But then the fancy room, the guest room and grandparent's room + that balcony was another level of "put on your indoor clothes". Two of them were to not bother future guests or an elderly person with very strict cleanliness rules.
Meanwhile the fancy room, which was technically the living room, but not where you sat to watch the telly, was a reception area. An entertaining space, for Sunday coffee, or holiday meals where a fancy dining table was put up.
It doesn't have to be the same, but considering the helmet-removla taboo among some groups, the way there seems to be larger coverts, and there's surely a need for space for young children, the infirm etc, there might be places where you don't wear shoes (except in case of unrest or uneasy allies visiting) as well as places where you never out on shoes + outsiders aren't allowed / only let in after receiving high levels of mutual trust
I am trying to sleep, but I can't because my mind is stuck on one question:
Are Mandalorians a shoes on or shoes off culture when they are at someone's/their home?
Let me elaborate. As you probably know, in some cultures, you take off your outdoor shoes once you enter a private living space (not a store, or public building, etc.). In others, you seem to commonly keep your shoes on. And in some, it seems to be more of a case-by-case thing.

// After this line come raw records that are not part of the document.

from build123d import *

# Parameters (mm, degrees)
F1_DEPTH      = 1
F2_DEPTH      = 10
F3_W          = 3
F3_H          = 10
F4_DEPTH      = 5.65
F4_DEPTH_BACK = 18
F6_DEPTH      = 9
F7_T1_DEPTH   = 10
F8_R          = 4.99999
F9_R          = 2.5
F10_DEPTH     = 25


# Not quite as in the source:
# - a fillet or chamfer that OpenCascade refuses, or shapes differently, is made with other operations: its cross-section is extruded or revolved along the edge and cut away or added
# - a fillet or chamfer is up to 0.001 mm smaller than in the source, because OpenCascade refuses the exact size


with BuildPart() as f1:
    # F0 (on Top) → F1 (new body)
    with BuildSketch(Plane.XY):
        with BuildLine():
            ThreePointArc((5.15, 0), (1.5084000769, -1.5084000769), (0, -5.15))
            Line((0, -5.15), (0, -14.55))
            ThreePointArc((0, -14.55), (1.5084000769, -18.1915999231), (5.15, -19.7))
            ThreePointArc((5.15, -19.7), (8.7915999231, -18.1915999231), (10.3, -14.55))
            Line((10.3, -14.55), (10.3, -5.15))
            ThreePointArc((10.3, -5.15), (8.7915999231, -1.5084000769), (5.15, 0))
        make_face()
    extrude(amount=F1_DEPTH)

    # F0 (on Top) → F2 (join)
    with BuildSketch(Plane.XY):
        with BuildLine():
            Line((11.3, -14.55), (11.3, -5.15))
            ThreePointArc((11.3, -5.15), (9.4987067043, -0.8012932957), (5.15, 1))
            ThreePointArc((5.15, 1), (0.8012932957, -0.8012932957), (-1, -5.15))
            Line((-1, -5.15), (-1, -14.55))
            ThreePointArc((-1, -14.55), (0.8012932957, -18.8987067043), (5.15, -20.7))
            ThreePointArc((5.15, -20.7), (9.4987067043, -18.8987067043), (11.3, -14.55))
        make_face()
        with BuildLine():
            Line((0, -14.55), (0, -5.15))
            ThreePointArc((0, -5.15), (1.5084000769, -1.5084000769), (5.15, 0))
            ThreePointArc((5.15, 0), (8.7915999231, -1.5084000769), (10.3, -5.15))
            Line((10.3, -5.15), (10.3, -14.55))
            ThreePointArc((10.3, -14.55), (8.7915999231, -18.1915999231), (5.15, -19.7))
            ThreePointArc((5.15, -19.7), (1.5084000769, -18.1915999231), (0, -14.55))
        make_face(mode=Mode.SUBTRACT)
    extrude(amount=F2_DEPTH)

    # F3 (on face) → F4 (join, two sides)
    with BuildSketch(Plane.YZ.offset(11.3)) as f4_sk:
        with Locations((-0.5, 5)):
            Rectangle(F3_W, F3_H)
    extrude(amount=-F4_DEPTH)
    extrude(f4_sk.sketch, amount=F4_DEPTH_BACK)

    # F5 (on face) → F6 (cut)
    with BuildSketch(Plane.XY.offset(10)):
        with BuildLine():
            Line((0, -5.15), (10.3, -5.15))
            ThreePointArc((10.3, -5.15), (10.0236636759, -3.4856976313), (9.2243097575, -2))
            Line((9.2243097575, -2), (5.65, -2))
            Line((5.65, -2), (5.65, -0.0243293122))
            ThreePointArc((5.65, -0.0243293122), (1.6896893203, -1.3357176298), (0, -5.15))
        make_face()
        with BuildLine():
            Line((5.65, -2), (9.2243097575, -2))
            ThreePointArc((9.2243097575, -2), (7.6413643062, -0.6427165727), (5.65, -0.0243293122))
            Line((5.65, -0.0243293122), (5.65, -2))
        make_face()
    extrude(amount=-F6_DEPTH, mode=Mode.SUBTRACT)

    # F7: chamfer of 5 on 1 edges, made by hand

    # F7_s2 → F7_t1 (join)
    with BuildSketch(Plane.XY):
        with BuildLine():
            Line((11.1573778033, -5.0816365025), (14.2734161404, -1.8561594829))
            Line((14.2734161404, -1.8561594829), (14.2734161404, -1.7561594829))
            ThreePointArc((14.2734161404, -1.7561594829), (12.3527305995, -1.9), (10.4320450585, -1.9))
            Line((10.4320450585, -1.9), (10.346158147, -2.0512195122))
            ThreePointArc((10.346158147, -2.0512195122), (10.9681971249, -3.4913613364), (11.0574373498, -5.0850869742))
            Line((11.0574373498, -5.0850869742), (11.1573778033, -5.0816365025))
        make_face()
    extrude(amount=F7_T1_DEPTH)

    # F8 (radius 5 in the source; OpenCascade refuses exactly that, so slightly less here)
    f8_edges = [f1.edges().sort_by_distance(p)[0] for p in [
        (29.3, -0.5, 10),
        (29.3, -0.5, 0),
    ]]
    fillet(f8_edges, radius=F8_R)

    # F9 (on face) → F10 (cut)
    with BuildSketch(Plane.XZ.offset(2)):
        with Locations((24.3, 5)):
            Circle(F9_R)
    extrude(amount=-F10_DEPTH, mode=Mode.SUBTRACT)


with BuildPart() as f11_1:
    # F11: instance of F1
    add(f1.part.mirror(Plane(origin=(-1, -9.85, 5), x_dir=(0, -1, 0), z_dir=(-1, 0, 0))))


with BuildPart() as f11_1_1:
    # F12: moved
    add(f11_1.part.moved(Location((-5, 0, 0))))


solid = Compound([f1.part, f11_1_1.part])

But what do Mandalorians do?
Boots do belong to beskar'gam, and beskar'gam is very important, culturally. The mental image of people hanging out in full armour but in socks is a bit weird, too. And in case something happens, you want to be ready and not have an entire aliit hurry to put boots on, right?
But then again, that somehow does not feel right. I cannot put my finger on why, though. I guess it might be both my own background as a firm 'no shoes in homes' person, but also the fact that, doing what they do, their boots would probably be rather dirty. Like, imagine the dirt you'd bring back in with you. Just as if you went hiking and came in with your dirty shoes. So, from that angle, it might make sense for them to actually take off their shoes.
The worst thing is, it is not even relevant. I am not working on any fic, or picture, or whatever I would need that information for. It is just a random thing my brain decided to latch on. And since I can't decide on what makes more sense:
Which one do you think is it? What makes more sense considering Mandalorian culture? Are there maybe even snippets of text that I can't remember that support either one or the other? Any thoughts, anyone?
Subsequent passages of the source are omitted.